Clonal dynamics simulations
A simple simulation of clonal dynamics was utilized to illustrate the consequences of cell proliferation with delayed cell death on cell lineages. The software is available as the GitHub repository alesposito/CloE-DDR. Briefly, we first generate 100 virtual cells with a randomized cell cycle. Cell cycle lengths are drawn from a gaussian distribution modelled on the U2OS cells with 24.5 hrs average and 5 hrs standard deviation. Cells are then left to divide with randomized lengths at any cycle for thirty days with a time resolution of one hour. After two days during which cells were simulated with a probability of cell death equal to zero, the probability of cell death per cell cycle was set to arbitrary values, here 0.45, 0.5 and 0.55. CloE-DDR is also creating lineage trees compatible to LinSense analysis for future applications. Here, we show only clone size as a function of time. Simulations exceeding 2500 lineages were interrupted to keep CloE-DDR compatible with standard computers. For each parameter set, the Monte Carlo simulations were repeated 100 times. Here, we show the average and standard deviation of relevant statistics computed over the 100 repeats, such as the fold increase of population (normalized to the initial 100 cells) and the fraction of lineages that is exhausted.
Micronuclei assay
Cells were seeded in Nunclon Delta surface 6 cm dishes on glass coverslips at a surface density of typically 9000 cells cm-2 (approximately 190,000 cells) in a total volume of 4mls of complete culture medium. Cells were left for approximately 24 hours before treatment to allow attachment and recovery from seeding. At the start of the experiment cell culture media was aspirated from all dishes and replaced with 3ml of culture medium containing the desired concentration of NCS or an equivalent volume of 20mM MES buffer (pH 5.5) in the case of control experiments. 1-2 hours later this was removed, dishes were washed with PBS and 4mls of fresh culture medium added. Any residual unreacted and undegraded NCS should therefore have been reduced to negligible levels. Samples were collected two hours and five days after NCS treatment and fixed with 4% formaldehyde in PBS at room temperature for 10-15 minutes. Cells were then washed twice in PBS and stored at 4°C in PBS until developed to detect γH2AX and cGAS by immunofluorescence (see below). Coverslips were also stained Hoechst 33342 (Sigma-Aldrich Catalogue No. H3570) for DNA detection. Coverslips were analysed on a Leica SP5 microscope. Images were acquired with a photo-multiplier tube detector using a 40× objective lens and the settings 512×512 pixel image size, 400 Hz scan speed, 2× zoom, 2-4× line or frame averaging with sequential scanning. Laser power was adjusted based on the appropriate level for sample brightness, permitting clear visualisation of fluorophores but avoiding pixel saturation.
Immunofluorescence
Cells were fixed using a solution of 4% paraformaldehyde, permeabilised (0.1% TritonX-100 in PBS 5 mins at room temperature), blocked (Blocking solution: 2% BSA, 0.2% Tween, 0.1% Triton X-100 in PBS 60-90 mins at room temperature) and incubated with primary antibodies in blocking solution for 1 hour at 37°C (anti-γH2AX (Millipore JBW301) 1:2000).

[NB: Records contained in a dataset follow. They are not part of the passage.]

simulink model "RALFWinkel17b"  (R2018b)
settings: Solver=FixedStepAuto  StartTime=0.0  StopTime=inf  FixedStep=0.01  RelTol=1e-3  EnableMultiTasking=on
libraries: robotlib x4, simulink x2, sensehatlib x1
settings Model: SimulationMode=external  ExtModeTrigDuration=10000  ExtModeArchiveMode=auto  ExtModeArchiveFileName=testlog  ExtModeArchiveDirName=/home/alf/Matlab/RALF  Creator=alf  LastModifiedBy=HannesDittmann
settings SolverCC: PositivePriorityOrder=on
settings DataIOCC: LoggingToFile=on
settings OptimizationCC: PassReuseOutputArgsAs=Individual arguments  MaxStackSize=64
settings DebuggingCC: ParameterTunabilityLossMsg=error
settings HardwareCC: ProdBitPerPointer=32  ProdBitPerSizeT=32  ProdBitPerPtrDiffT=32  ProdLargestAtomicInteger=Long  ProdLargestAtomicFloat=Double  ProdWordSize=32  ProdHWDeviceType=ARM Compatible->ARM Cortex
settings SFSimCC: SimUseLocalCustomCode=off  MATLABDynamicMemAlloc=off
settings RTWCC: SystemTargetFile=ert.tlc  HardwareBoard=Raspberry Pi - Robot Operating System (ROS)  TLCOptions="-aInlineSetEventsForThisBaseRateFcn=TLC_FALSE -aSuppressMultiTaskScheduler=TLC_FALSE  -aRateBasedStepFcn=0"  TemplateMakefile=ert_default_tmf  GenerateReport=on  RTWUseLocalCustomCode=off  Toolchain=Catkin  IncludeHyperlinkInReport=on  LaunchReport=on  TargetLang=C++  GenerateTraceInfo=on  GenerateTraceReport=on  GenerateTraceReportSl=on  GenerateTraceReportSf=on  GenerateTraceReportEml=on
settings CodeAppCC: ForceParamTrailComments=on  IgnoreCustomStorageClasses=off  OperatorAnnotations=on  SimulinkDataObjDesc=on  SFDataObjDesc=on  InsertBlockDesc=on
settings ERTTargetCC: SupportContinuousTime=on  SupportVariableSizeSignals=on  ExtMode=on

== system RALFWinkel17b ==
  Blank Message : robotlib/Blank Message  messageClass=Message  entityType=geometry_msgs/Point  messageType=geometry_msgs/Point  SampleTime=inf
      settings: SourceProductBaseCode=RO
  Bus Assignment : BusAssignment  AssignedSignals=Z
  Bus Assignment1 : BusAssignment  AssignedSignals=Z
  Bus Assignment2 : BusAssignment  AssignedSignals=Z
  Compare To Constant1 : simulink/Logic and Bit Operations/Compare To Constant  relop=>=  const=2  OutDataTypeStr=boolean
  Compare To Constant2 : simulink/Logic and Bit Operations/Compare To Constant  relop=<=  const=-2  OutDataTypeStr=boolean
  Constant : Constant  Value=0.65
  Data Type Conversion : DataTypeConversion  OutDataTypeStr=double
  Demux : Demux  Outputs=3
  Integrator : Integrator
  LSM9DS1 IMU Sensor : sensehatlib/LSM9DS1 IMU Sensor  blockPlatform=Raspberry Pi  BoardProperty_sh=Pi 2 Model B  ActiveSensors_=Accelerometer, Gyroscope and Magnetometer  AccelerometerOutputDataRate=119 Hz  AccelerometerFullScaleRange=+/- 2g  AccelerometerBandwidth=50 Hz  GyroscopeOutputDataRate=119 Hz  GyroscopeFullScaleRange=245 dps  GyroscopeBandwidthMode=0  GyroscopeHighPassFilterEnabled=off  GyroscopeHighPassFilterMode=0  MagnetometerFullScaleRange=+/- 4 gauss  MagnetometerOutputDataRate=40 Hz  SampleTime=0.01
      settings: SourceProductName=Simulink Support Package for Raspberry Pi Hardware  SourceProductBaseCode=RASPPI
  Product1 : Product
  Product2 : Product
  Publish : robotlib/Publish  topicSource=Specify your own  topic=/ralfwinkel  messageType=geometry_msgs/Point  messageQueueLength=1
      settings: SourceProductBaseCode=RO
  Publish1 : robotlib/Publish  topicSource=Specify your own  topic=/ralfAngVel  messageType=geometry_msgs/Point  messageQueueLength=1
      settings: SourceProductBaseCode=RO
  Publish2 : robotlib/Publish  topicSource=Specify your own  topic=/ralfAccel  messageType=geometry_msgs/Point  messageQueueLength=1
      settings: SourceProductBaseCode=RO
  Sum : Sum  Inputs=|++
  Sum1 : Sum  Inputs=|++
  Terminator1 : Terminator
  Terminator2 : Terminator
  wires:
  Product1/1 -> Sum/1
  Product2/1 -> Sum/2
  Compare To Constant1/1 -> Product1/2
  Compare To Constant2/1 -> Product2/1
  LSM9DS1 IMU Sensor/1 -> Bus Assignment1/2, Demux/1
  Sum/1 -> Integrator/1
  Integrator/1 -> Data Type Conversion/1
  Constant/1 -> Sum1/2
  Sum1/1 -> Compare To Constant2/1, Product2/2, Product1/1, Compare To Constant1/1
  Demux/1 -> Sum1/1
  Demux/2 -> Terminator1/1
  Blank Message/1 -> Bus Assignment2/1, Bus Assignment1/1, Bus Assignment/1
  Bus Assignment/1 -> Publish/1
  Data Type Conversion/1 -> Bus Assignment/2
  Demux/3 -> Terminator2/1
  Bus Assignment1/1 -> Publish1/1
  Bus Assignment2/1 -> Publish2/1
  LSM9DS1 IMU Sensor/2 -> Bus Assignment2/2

Cells were washed thrice (washing solution: 0.2% Tween, 0.1% Triton X-100 in PBS) and incubated with secondary antibody and Hoechst dye in blocking solution (Hoechst 33342 1:1000, Alexafluor 594 goat anti-mouse IgG 1:500), washed in washing solution twice, washed twice in PBS, left in PBS and analysed by microscopy.
cGAS staining was carried out as described in Mackenzie et al.21. This protocol was adapted by the additional inclusion of anti-γH2AX (Millipore JBW301) at a 1:2000 dilution.
Acknowledgments
C.J.C was supported by a CRUK Cambridge Cancer Centre studentship, A.E., by an MRC core award, to A.R.V. We would like to thank John Saganty for help on data analysis related to this project.